All entries should be copied exactly; the pictures stay out.

> **Source records**:
○ ○ ○ ○ ○
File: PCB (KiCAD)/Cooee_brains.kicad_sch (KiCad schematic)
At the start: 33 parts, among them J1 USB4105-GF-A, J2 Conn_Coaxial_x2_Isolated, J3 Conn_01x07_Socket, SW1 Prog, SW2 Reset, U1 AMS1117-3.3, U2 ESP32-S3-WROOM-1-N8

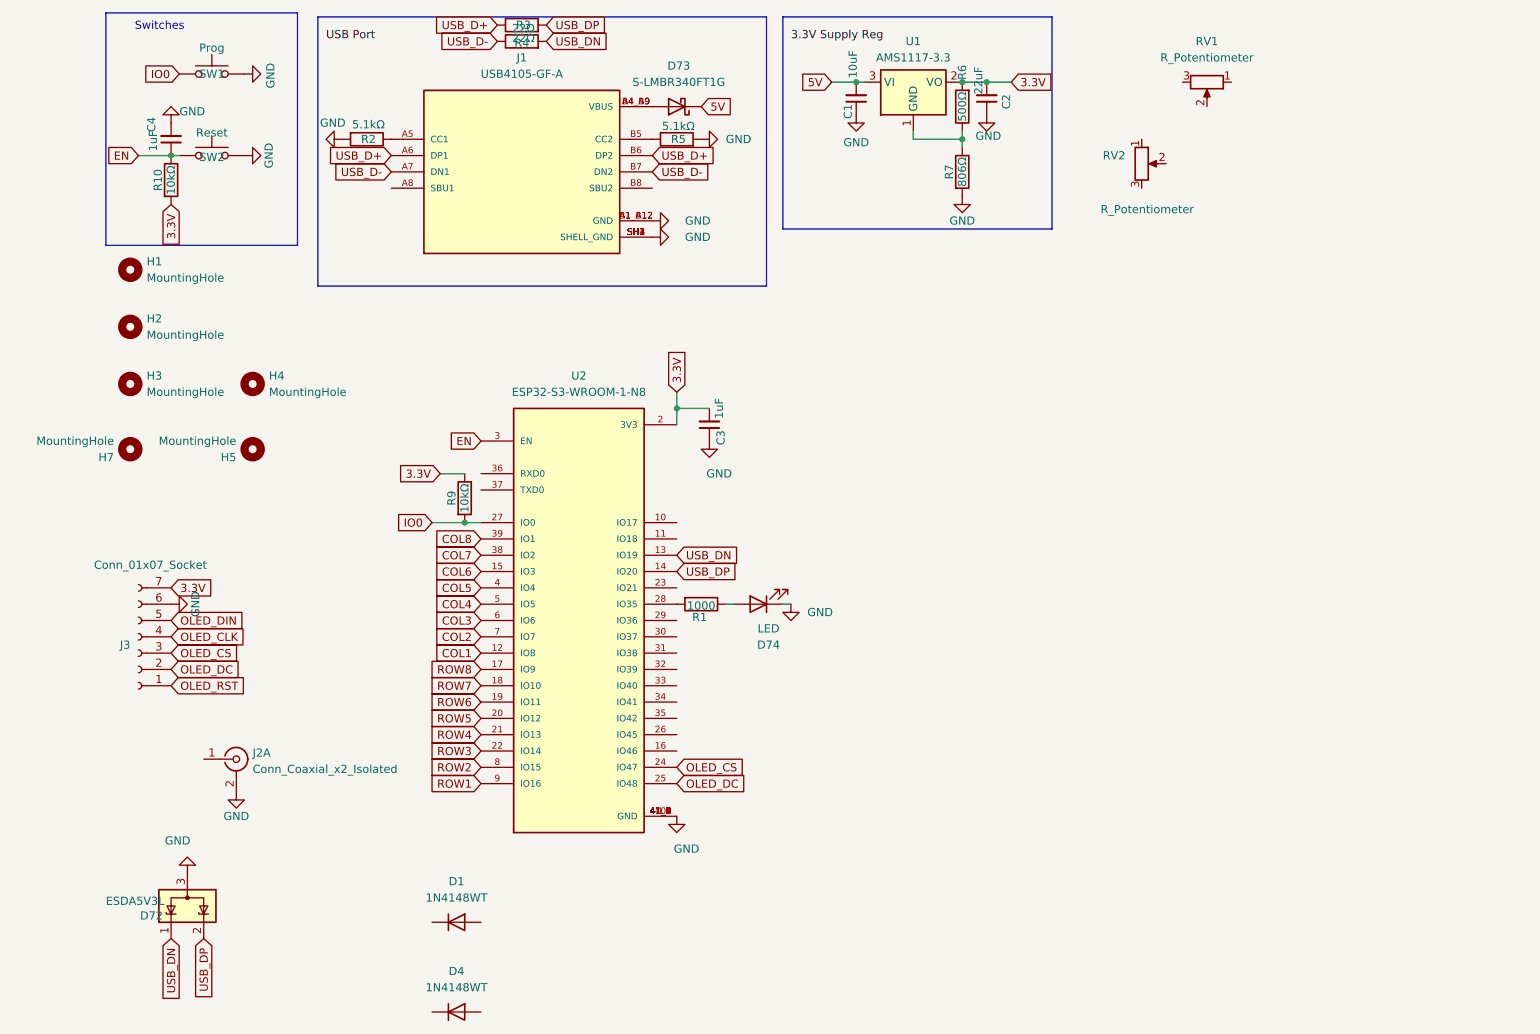
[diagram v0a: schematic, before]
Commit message: changed computer PCB edge shape to match keyboard
So these can be 2x 2layer boards back to back, easy PnP/hotplate assembly, more modular (replaceable keyboards)
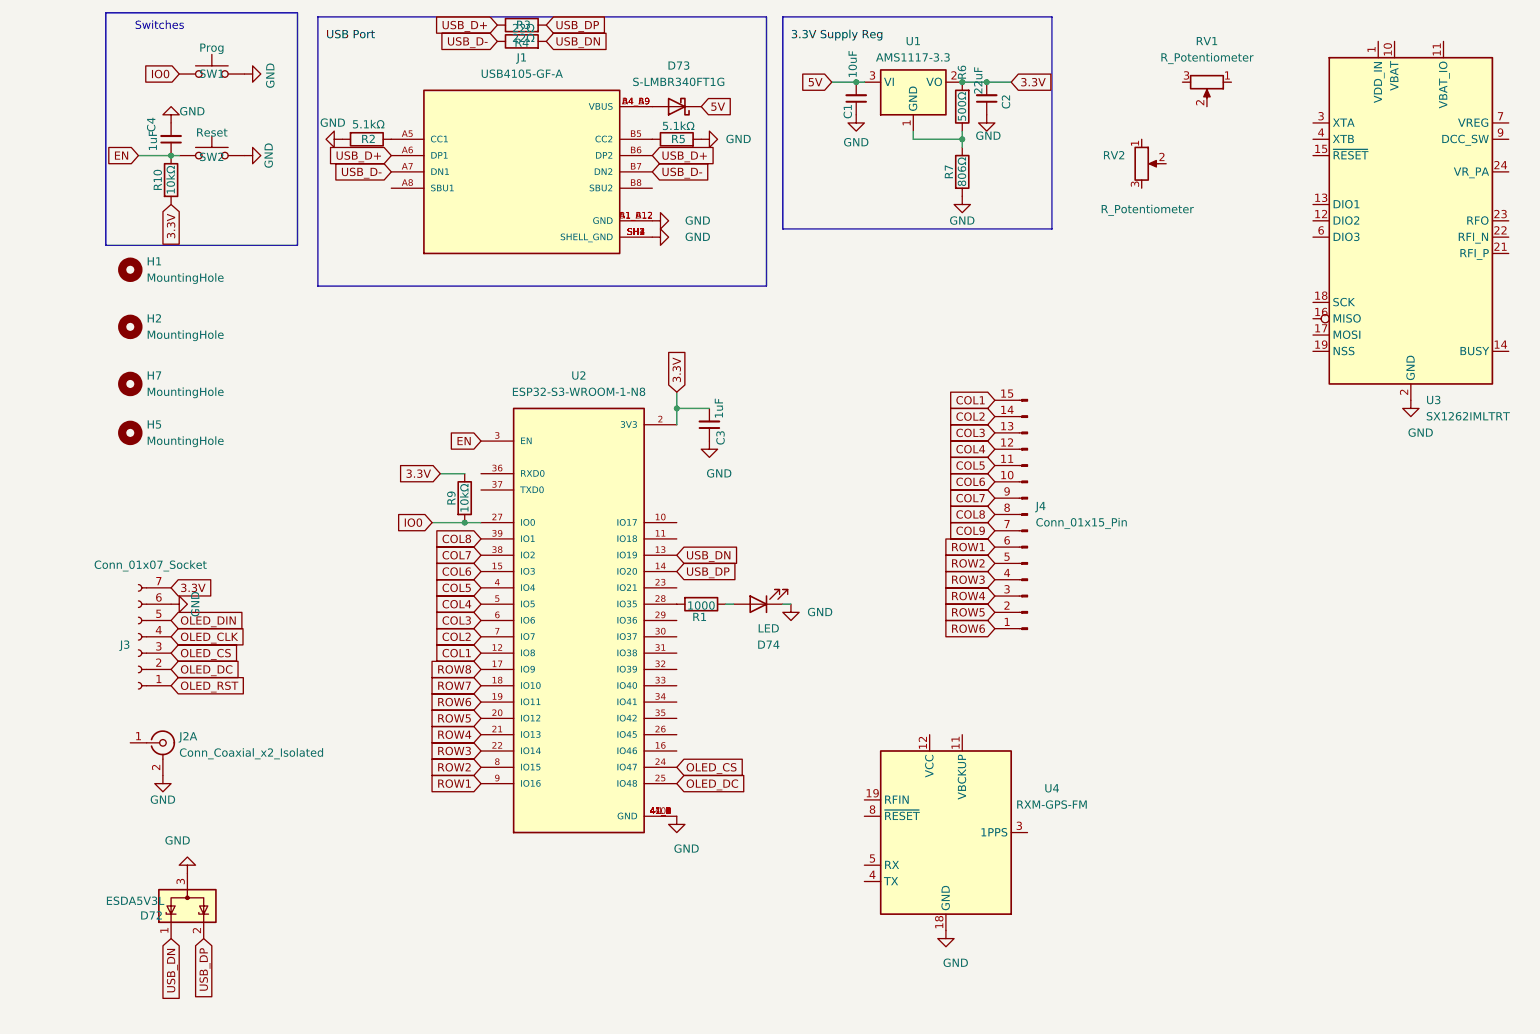
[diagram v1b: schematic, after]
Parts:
- removed D1, D4: 1N4148WT, Diode_SMD:D_SOD-523, symbol Diode:1N4148WT
- removed H3, H4: MountingHole, MountingHole:MountingHole_3.2mm_M3_ISO7380_Pad, symbol Mechanical:MountingHole
- added J4: Conn_01x15_Pin, Connector_PinHeader_2.54mm:PinHeader_1x15_P2.54mm_Vertical, symbol Connector:Conn_01x15_Pin
- added U3: SX1262IMLTRT, Package_DFN_QFN:QFN-24-1EP_4x4mm_P0.5mm_EP2.6x2.6mm, symbol RF:SX1262IMLTRT
- added U4: RXM-GPS-FM, RF_GPS:Linx_RXM-GPS, symbol RF_GPS:RXM-GPS-FM
- J2: footprint Connector_Coaxial:SMA_Molex_73251-1153_EdgeMount_Horizontal -> Connector_Coaxial:U.FL_Molex_MCRF_73412-0110_Vertical
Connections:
- net COL1: now also J4.15 (Pin_15)
- net COL2: now also J4.14 (Pin_14)
- net COL3: now also J4.13 (Pin_13)
- net COL4: now also J4.12 (Pin_12)
- net COL5: now also J4.11 (Pin_11)
- net COL6: now also J4.10 (Pin_10)
- net COL7: now also J4.9 (Pin_9)
- net COL8: now also J4.8 (Pin_8)
- net GND: now also U3.2 (GND), U3.20 (GND), U3.25 (GND), U3.5 (GND), U3.8 (GND), U4.18 (GND), U4.20 (GND), U4.21 (GND), U4.22 (GND)
- net ROW1: now also J4.6 (Pin_6)
- net ROW2: now also J4.5 (Pin_5)
- net ROW3: now also J4.4 (Pin_4)
- net ROW4: now also J4.3 (Pin_3)
- net ROW5: now also J4.2 (Pin_2)
- net ROW6: now also J4.1 (Pin_1)
- new net COL9: J4.7 (Pin_7)
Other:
○ ○ ○ ○ ○
> **Response to the task**:
File: PCB (KiCAD)/Cooee_brains.kicad_sch (KiCad schematic)
At the start: 33 parts, among them J1 USB4105-GF-A, J2 Conn_Coaxial_x2_Isolated, J3 Conn_01x07_Socket, SW1 Prog, SW2 Reset, U1 AMS1117-3.3, U2 ESP32-S3-WROOM-1-N8

[diagram v0a: schematic, before]
Commit message: changed computer PCB edge shape to match keyboard
So these can be 2x 2layer boards back to back, easy PnP/hotplate assembly, more modular (replaceable keyboards)
[diagram v1b: schematic, after]
Parts:
- removed D1, D4: 1N4148WT, Diode_SMD:D_SOD-523, symbol Diode:1N4148WT
- removed H3, H4: MountingHole, MountingHole:MountingHole_3.2mm_M3_ISO7380_Pad, symbol Mechanical:MountingHole
- added J4: Conn_01x15_Pin, Connector_PinHeader_2.54mm:PinHeader_1x15_P2.54mm_Vertical, symbol Connector:Conn_01x15_Pin
- added U3: SX1262IMLTRT, Package_DFN_QFN:QFN-24-1EP_4x4mm_P0.5mm_EP2.6x2.6mm, symbol RF:SX1262IMLTRT
- added U4: RXM-GPS-FM, RF_GPS:Linx_RXM-GPS, symbol RF_GPS:RXM-GPS-FM
- J2: footprint Connector_Coaxial:SMA_Molex_73251-1153_EdgeMount_Horizontal -> Connector_Coaxial:U.FL_Molex_MCRF_73412-0110_Vertical
Connections:
- net COL1: now also J4.15 (Pin_15)
- net COL2: now also J4.14 (Pin_14)
- net COL3: now also J4.13 (Pin_13)
- net COL4: now also J4.12 (Pin_12)
- net COL5: now also J4.11 (Pin_11)
- net COL6: now also J4.10 (Pin_10)
- net COL7: now also J4.9 (Pin_9)
- net COL8: now also J4.8 (Pin_8)
- net GND: now also U3.2 (GND), U3.20 (GND), U3.25 (GND), U3.5 (GND), U3.8 (GND), U4.18 (GND), U4.20 (GND), U4.21 (GND), U4.22 (GND)
- net ROW1: now also J4.6 (Pin_6)
- net ROW2: now also J4.5 (Pin_5)
- net ROW3: now also J4.4 (Pin_4)
- net ROW4: now also J4.3 (Pin_3)
- net ROW5: now also J4.2 (Pin_2)
- net ROW6: now also J4.1 (Pin_1)
- new net COL9: J4.7 (Pin_7)
Other:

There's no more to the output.